CODEWITHSUNDEEP
loopshaskell
Max Dude2014
Max Dude2014

Reputation: 21

Function Recursion within itself - haskell

I was trying to recursively pass a function to itself a given number of times. So given the input in form of Function | RepeatNumber(Count) | Argument. So as an example if given the input: f 3 2 it would return f(f(f 2) This should then also work if the Function value where "square" it would Square the argument.

In terms of the logic I approached it as follows:

def repeatnew func count arg
    if count == 1 then (func arg)
    else (func (repeatnew func (count -1) arg))

I've been trying to research a solution to this for a while and I came across using Iterate and some other functions.

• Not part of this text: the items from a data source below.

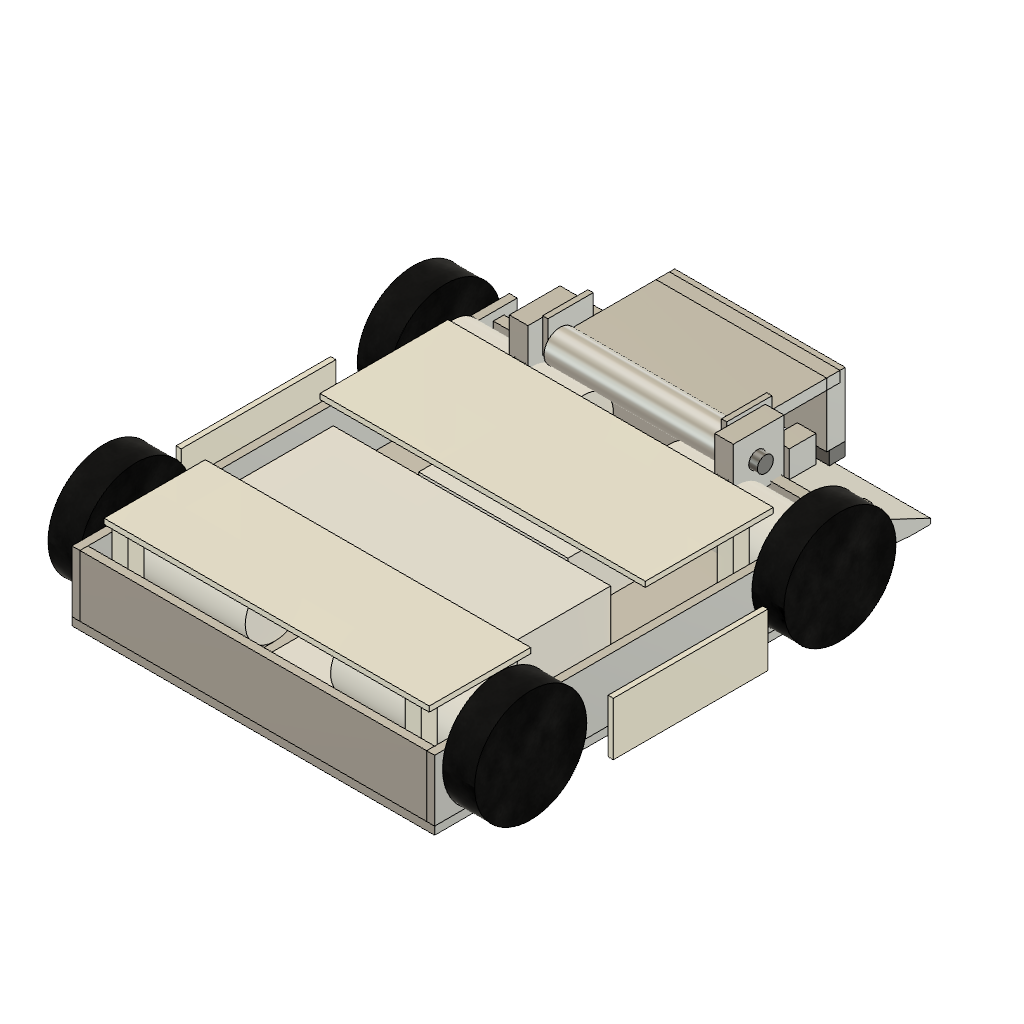
ROBOT_V3_Competition (Autodesk Fusion 360 design; units mm, degrees)
part number: 2026-09-24-19-02-37-994
part number: 2026-09-24-19-02-38-346
part number: 2026-09-24-19-02-38-350
part number: 2026-09-24-19-02-38-362
part number: 2026-09-24-19-02-38-371
part number: 2026-09-24-19-02-38-381
part number: 2026-09-24-19-02-38-392
part number: 2026-09-24-19-02-38-402
part number: 2026-09-24-19-02-38-411
part number: 2026-09-24-19-02-38-422
part number: 2026-09-24-19-02-38-425
part number: 2026-09-24-19-02-38-436
part number: 2026-09-24-19-02-38-447
part number: 2026-09-24-19-02-38-458
part number: 2026-09-24-19-02-38-470
part number: 2026-09-24-19-02-38-483
part number: 2026-09-24-19-02-38-496
part number: 2026-09-24-19-02-38-510
part number: 2026-09-24-19-02-38-525
part number: 2026-09-24-19-02-38-539
part number: 2026-09-24-19-02-38-554
part number: 2026-09-24-19-02-38-570
part number: 2026-09-24-19-02-38-586
part number: 2026-09-24-19-02-38-605
part number: 2026-09-24-19-02-38-624
part number: 2026-09-24-19-02-38-629
part number: 2026-09-24-19-02-38-655
part number: 2026-09-24-19-02-38-675
part number: 2026-09-24-19-02-38-696
part number: 2026-09-24-19-02-38-702
part number: 2026-09-24-19-02-38-753
part number: 2026-09-24-19-02-38-777
part number: 2026-09-24-19-02-38-800
part number: 2026-09-24-19-02-38-823
part number: 2026-09-24-19-02-38-847
part number: 2026-09-24-19-02-38-872
part number: 2026-09-24-19-02-38-933
part number: 2026-09-24-19-02-38-978
part number: 2026-09-24-19-02-39-006
part number: 2026-09-24-19-02-39-054
part number: 2026-09-24-19-02-39-085
part number: 2026-09-24-19-02-39-114
part number: 2026-09-24-19-02-39-145
part number: 2026-09-24-19-02-39-197
part number: 2026-09-24-19-02-39-235
part number: 2026-09-24-19-02-39-288
part number: 2026-09-24-19-02-39-435
part number: 2026-09-24-19-02-39-444
part number: 2026-09-24-19-02-39-476
part number: 2026-09-24-19-02-39-510
part number: 2026-09-24-19-02-39-543
part number: 2026-09-24-19-02-39-578
part number: 2026-09-24-19-02-39-612
part number: 2026-09-24-19-02-39-622
part number: 2026-09-24-19-02-39-658
part number: 2026-09-24-19-02-39-694
part number: 2026-09-24-19-02-39-731
part number: 2026-09-24-19-02-39-768
part number: 2026-09-24-19-02-39-806
Autodesk Fusion 360 part; units mm, degrees
sketch "Base_6061_3mm_Footprint" plane through (0, 0, 0) normal (0, 1, 0) x (1, 0, 0) in component "Base_6061_3mm"
  line L0 (-68, -82) -> (68, -82)
  line L1 (68, -82) -> (68, 82)
  line L2 (68, 82) -> (-68, 82)
  line L3 (-68, 82) -> (-68, -82)
extrude "Extrude1" add sketch "Base_6061_3mm_Footprint" along normal blind 3 from surface at 3 makes body 1 in component "Base_6061_3mm"
sketch "Side_Rail_L_6061_Footprint" plane through (0, 0, 0) normal (0, 1, 0) x (1, 0, 0) in component "Side_Rail_L_6061"
  line L0 (-68, -82) -> (-65, -82)
  line L1 (-65, -82) -> (-65, 82)
  line L2 (-65, 82) -> (-68, 82)
  line L3 (-68, 82) -> (-68, -82)
extrude "Extrude1'" add sketch "Side_Rail_L_6061_Footprint" along normal blind 23 from surface at 6 separate body makes body 2 in component "Side_Rail_L_6061"
sketch "Side_Rail_R_6061_Footprint" plane through (0, 0, 0) normal (0, 1, 0) x (1, 0, 0) in component "Side_Rail_R_6061"
  line L0 (65, -82) -> (68, -82)
  line L1 (68, -82) -> (68, 82)
  line L2 (68, 82) -> (65, 82)
  line L3 (65, 82) -> (65, -82)
extrude "Extrude1''" add sketch "Side_Rail_R_6061_Footprint" along normal blind 23 from surface at 6 separate body makes body 3 in component "Side_Rail_R_6061"
sketch "Rear_Cross_Member_6061_Footprint" plane through (0, 0, 0) normal (0, 1, 0) x (1, 0, 0) in component "Rear_Cross_Member_6061"
  line L0 (-65, -82) -> (65, -82)
  line L1 (65, -82) -> (65, -79)
  line L2 (65, -79) -> (-65, -79)
  line L3 (-65, -79) -> (-65, -82)
extrude "Extrude1'''" add sketch "Rear_Cross_Member_6061_Footprint" along normal blind 23 from surface at 6 separate body makes body 4 in component "Rear_Cross_Member_6061"
sketch "Front_Impact_Bulkhead_6061_Footprint" plane through (0, 0, 0) normal (0, 1, 0) x (1, 0, 0) in component "Front_Impact_Bulkhead_6061"
  line L0 (-62, 70) -> (62, 70)
  line L1 (62, 70) -> (62, 74)
  line L2 (62, 74) -> (-62, 74)
  line L3 (-62, 74) -> (-62, 70)
extrude "Extrude1''''" add sketch "Front_Impact_Bulkhead_6061_Footprint" along normal blind 23 from surface at 6 separate body makes body 5 in component "Front_Impact_Bulkhead_6061"
sketch "Front_Shear_Key_L_Footprint" plane through (0, 0, 0) normal (0, 1, 0) x (1, 0, 0) in component "Front_Shear_Key_L"
  line L0 (-60, 62) -> (-48, 62)
  line L1 (-48, 62) -> (-48, 70)
  line L2 (-48, 70) -> (-60, 70)
  line L3 (-60, 70) -> (-60, 62)
extrude "Extrude1'''''" add sketch "Front_Shear_Key_L_Footprint" along normal blind 18 from surface at 6 separate body makes body 6 in component "Front_Shear_Key_L"
sketch "Front_Shear_Key_R_Footprint" plane through (0, 0, 0) normal (0, 1, 0) x (1, 0, 0) in component "Front_Shear_Key_R"
  line L0 (48, 62) -> (60, 62)
  line L1 (60, 62) -> (60, 70)
  line L2 (60, 70) -> (48, 70)
  line L3 (48, 70) -> (48, 62)
extrude "Extrude1''''''" add sketch "Front_Shear_Key_R_Footprint" along normal blind 18 from surface at 6 separate body makes body 7 in component "Front_Shear_Key_R"
sketch "BBB_22mm_Gearmotor_ENVELOPE_L_Rear_Section" plane through (0, 0, 0) normal (1, 0, 0) x (0, 0, -1) in component "BBB_22mm_Gearmotor_ENVELOPE_L_Rear"
  circle A0 centre (-58, 23) radius 11
extrude "Extrude1'''''''" add sketch "BBB_22mm_Gearmotor_ENVELOPE_L_Rear_Section" along normal blind 49 from surface at -65 separate body makes body 8 in component "BBB_22mm_Gearmotor_ENVELOPE_L_Rear"
sketch "Wheel_42mm_ENVELOPE_L_Rear_Section" plane through (0, 0, 0) normal (1, 0, 0) x (0, 0, -1) in component "Wheel_42mm_ENVELOPE_L_Rear"
  circle A0 centre (-58, 23) radius 21
extrude "Extrude1''''''''" add sketch "Wheel_42mm_ENVELOPE_L_Rear_Section" along normal blind 12 from surface at -80 separate body makes body 9 in component "Wheel_42mm_ENVELOPE_L_Rear"
sketch "Axle_4mm_ENVELOPE_L_Rear_Section" plane through (0, 0, 0) normal (1, 0, 0) x (0, 0, -1) in component "Axle_4mm_ENVELOPE_L_Rear"
  circle A0 centre (-58, 23) radius 2
extrude "Extrude1'''''''''" add sketch "Axle_4mm_ENVELOPE_L_Rear_Section" along normal blind 9 from surface at -71 separate body makes body 10 in component "Axle_4mm_ENVELOPE_L_Rear"
sketch "BBB_22mm_Gearmotor_ENVELOPE_L_Front_Section" plane through (0, 0, 0) normal (1, 0, 0) x (0, 0, -1) in component "BBB_22mm_Gearmotor_ENVELOPE_L_Front"
  circle A0 centre (58, 23) radius 11
extrude "Extrude1''''''''''" add sketch "BBB_22mm_Gearmotor_ENVELOPE_L_Front_Section" along normal blind 49 from surface at -65 separate body makes body 11 in component "BBB_22mm_Gearmotor_ENVELOPE_L_Front"
sketch "Wheel_42mm_ENVELOPE_L_Front_Section" plane through (0, 0, 0) normal (1, 0, 0) x (0, 0, -1) in component "Wheel_42mm_ENVELOPE_L_Front"
  circle A0 centre (58, 23) radius 21
extrude "Extrude1'''''''''''" add sketch "Wheel_42mm_ENVELOPE_L_Front_Section" along normal blind 12 from surface at -80 separate body makes body 12 in component "Wheel_42mm_ENVELOPE_L_Front"
sketch "Axle_4mm_ENVELOPE_L_Front_Section" plane through (0, 0, 0) normal (1, 0, 0) x (0, 0, -1) in component "Axle_4mm_ENVELOPE_L_Front"
  circle A0 centre (58, 23) radius 2
extrude "Extrude1''''''''''''" add sketch "Axle_4mm_ENVELOPE_L_Front_Section" along normal blind 9 from surface at -71 separate body makes body 13 in component "Axle_4mm_ENVELOPE_L_Front"
sketch "BBB_22mm_Gearmotor_ENVELOPE_R_Rear_Section" plane through (0, 0, 0) normal (1, 0, 0) x (0, 0, -1) in component "BBB_22mm_Gearmotor_ENVELOPE_R_Rear"
  circle A0 centre (-58, 23) radius 11
extrude "Extrude1'''''''''''''" add sketch "BBB_22mm_Gearmotor_ENVELOPE_R_Rear_Section" along normal blind 49 from surface at 16 separate body makes body 14 in component "BBB_22mm_Gearmotor_ENVELOPE_R_Rear"
sketch "Wheel_42mm_ENVELOPE_R_Rear_Section" plane through (0, 0, 0) normal (1, 0, 0) x (0, 0, -1) in component "Wheel_42mm_ENVELOPE_R_Rear"
  circle A0 centre (-58, 23) radius 21
extrude "Extrude1''''''''''''''" add sketch "Wheel_42mm_ENVELOPE_R_Rear_Section" along normal blind 12 from surface at 68 separate body makes body 15 in component "Wheel_42mm_ENVELOPE_R_Rear"
sketch "Axle_4mm_ENVELOPE_R_Rear_Section" plane through (0, 0, 0) normal (1, 0, 0) x (0, 0, -1) in component "Axle_4mm_ENVELOPE_R_Rear"
  circle A0 centre (-58, 23) radius 2
extrude "Extrude1'''''''''''''''" add sketch "Axle_4mm_ENVELOPE_R_Rear_Section" along normal blind 9 from surface at 62 separate body makes body 16 in component "Axle_4mm_ENVELOPE_R_Rear"
sketch "BBB_22mm_Gearmotor_ENVELOPE_R_Front_Section" plane through (0, 0, 0) normal (1, 0, 0) x (0, 0, -1) in component "BBB_22mm_Gearmotor_ENVELOPE_R_Front"
  circle A0 centre (58, 23) radius 11
extrude "Extrude1''''''''''''''''" add sketch "BBB_22mm_Gearmotor_ENVELOPE_R_Front_Section" along normal blind 49 from surface at 16 separate body makes body 17 in component "BBB_22mm_Gearmotor_ENVELOPE_R_Front"
sketch "Wheel_42mm_ENVELOPE_R_Front_Section" plane through (0, 0, 0) normal (1, 0, 0) x (0, 0, -1) in component "Wheel_42mm_ENVELOPE_R_Front"
  circle A0 centre (58, 23) radius 21
extrude "Extrude1'''''''''''''''''" add sketch "Wheel_42mm_ENVELOPE_R_Front_Section" along normal blind 12 from surface at 68 separate body makes body 18 in component "Wheel_42mm_ENVELOPE_R_Front"
sketch "Axle_4mm_ENVELOPE_R_Front_Section" plane through (0, 0, 0) normal (1, 0, 0) x (0, 0, -1) in component "Axle_4mm_ENVELOPE_R_Front"
  circle A0 centre (58, 23) radius 2
extrude "Extrude1''''''''''''''''''" add sketch "Axle_4mm_ENVELOPE_R_Front_Section" along normal blind 9 from surface at 62 separate body makes body 19 in component "Axle_4mm_ENVELOPE_R_Front"
sketch "Replaceable_Side_Guard_L_Footprint" plane through (0, 0, 0) normal (0, 1, 0) x (1, 0, 0) in component "Replaceable_Side_Guard_L"
  line L0 (-82, -29) -> (-80, -29)
  line L1 (-80, -29) -> (-80, 29)
  line L2 (-80, 29) -> (-82, 29)
  line L3 (-82, 29) -> (-82, -29)
extrude "Extrude1'''''''''''''''''''" add sketch "Replaceable_Side_Guard_L_Footprint" along normal blind 20 from surface at 8 separate body makes body 20 in component "Replaceable_Side_Guard_L"
sketch "Replaceable_Side_Guard_R_Footprint" plane through (0, 0, 0) normal (0, 1, 0) x (1, 0, 0) in component "Replaceable_Side_Guard_R"
  line L0 (80, -29) -> (82, -29)
  line L1 (82, -29) -> (82, 29)
  line L2 (82, 29) -> (80, 29)
  line L3 (80, 29) -> (80, -29)
extrude "Extrude1''''''''''''''''''''" add sketch "Replaceable_Side_Guard_R_Footprint" along normal blind 20 from surface at 8 separate body makes body 21 in component "Replaceable_Side_Guard_R"
sketch "Plow_Ramp_Profile" plane through (0, 0, 0) normal (1, 0, 0) x (0, 0, -1) in component "Bolt_On_Full_Width_Plow_6061"
  line L0 (74, 6) -> (74, 23)
  line L1 (74, 23) -> (112, 5)
  line L2 (112, 5) -> (112, 3)
  line L3 (112, 3) -> (104, 3)
  line L4 (104, 3) -> (74, 6)
extrude "Extrude1'''''''''''''''''''''" add sketch "Plow_Ramp_Profile" along normal blind 120 from surface at -60 separate body makes body 22 in component "Bolt_On_Full_Width_Plow_6061"
sketch "Plow_Bolt_Land_L_Footprint" plane through (0, 0, 0) normal (0, 1, 0) x (1, 0, 0) in component "Plow_Bolt_Land_L"
  line L0 (-54, 65) -> (-44, 65)
  line L1 (-44, 65) -> (-44, 74)
  line L2 (-44, 74) -> (-54, 74)
  line L3 (-54, 74) -> (-54, 65)
extrude "Extrude1''''''''''''''''''''''" add sketch "Plow_Bolt_Land_L_Footprint" along normal blind 16 from surface at 6 separate body makes body 23 in component "Plow_Bolt_Land_L"
sketch "Plow_Bolt_Land_R_Footprint" plane through (0, 0, 0) normal (0, 1, 0) x (1, 0, 0) in component "Plow_Bolt_Land_R"
  line L0 (44, 65) -> (54, 65)
  line L1 (54, 65) -> (54, 74)
  line L2 (54, 74) -> (44, 74)
  line L3 (44, 74) -> (44, 65)
extrude "Extrude1'''''''''''''''''''''''" add sketch "Plow_Bolt_Land_R_Footprint" along normal blind 16 from surface at 6 separate body makes body 24 in component "Plow_Bolt_Land_R"
sketch "Clamp_Jaw_Plate_6061_Footprint" plane through (0, 0, 0) normal (0, 1, 0) x (1, 0, 0) in component "Clamp_Jaw_Plate_6061"
  line L0 (-32, 65) -> (32, 65)
  line L1 (32, 65) -> (32, 106)
  line L2 (32, 106) -> (-32, 106)
  line L3 (-32, 106) -> (-32, 65)
extrude "Extrude1''''''''''''''''''''''''" add sketch "Clamp_Jaw_Plate_6061_Footprint" along normal blind 4 from surface at 38 separate body makes body 25 in component "Clamp_Jaw_Plate_6061"
sketch "Hinge_Boss_Section" plane through (0, 0, 0) normal (1, 0, 0) x (0, 0, -1) in component "Clamp_Jaw_Plate_6061"
  circle A0 centre (65, 38.5) radius 6
extrude "Extrude2" add sketch "Hinge_Boss_Section" along normal blind 64 from surface at -32 bodies 25 in component "Clamp_Jaw_Plate_6061"
sketch "Hinge_Bore_6p4mm" plane through (0, 0, 0) normal (1, 0, 0) x (0, 0, -1) in component "Clamp_Jaw_Plate_6061"
  circle A0 centre (65, 38.5) radius 3.2
extrude "Extrude3" cut sketch "Hinge_Bore_6p4mm" along normal mid plane 200 bodies 25 in component "Clamp_Jaw_Plate_6061"
sketch "Clamp_Downturned_Tip_6061_Footprint" plane through (0, 0, 0) normal (0, 1, 0) x (1, 0, 0) in component "Clamp_Downturned_Tip_6061"
  line L0 (-32, 101) -> (32, 101)
  line L1 (32, 101) -> (32, 108)
  line L2 (32, 108) -> (-32, 108)
  line L3 (-32, 108) -> (-32, 101)
extrude "Extrude1'''''''''''''''''''''''''" add sketch "Clamp_Downturned_Tip_6061_Footprint" along normal blind 24 from surface at 18 separate body makes body 26 in component "Clamp_Downturned_Tip_6061"
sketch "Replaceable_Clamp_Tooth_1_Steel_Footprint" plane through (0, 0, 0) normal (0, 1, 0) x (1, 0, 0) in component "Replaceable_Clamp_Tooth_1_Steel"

Finally I came across this: https://wiki.haskell.org/Higher_order_function However I was unable to implement a working solution.

Edit: The solutions I did try to implement I could get compiling correctly, I am still very inexperienced with haskell and would appreciate an explanation on how to create a higher order function using my parameters.

Upvotes: 2

Views: 784

Answers (2)

Redu
Redu

Reputation: 26161

Spinning off from @Antisthenes' comment, One other way to do this is using the foldl1 with no base case.

pipeNTimes :: (a -> a) -> Int -> (a -> a)
pipeNTimes f n = foldl1 (.) $ replicate n f

pipeNTimes (*2) 3 2 -- returns 16

Upvotes: 4

Matt Hogan-Jones
Matt Hogan-Jones

Reputation: 3103

I am admittedly only a beginner at Haskell, so this may be a naive implementation, but I think this does what you are looking for:

applyRecursively f x y
    | x == 1 = f y
    | otherwise = f (applyRecursively f (x-1) y)

The applyRecursively function takes a function and two numbers as arguments.

If the middle argument (the count) is 1 then we apply the parameter function to the argument y. This is the edge case that stops the recursion.

The otherwise guard clause then calls recursively with the x parameter decremented, and applies function f to the result.

I have tested it using a lambda like this:

applyRecursively (\x -> x + 1) 3 3

It should add 1 to the values of 3 three times - it returns a value of 6 so it looks like it works.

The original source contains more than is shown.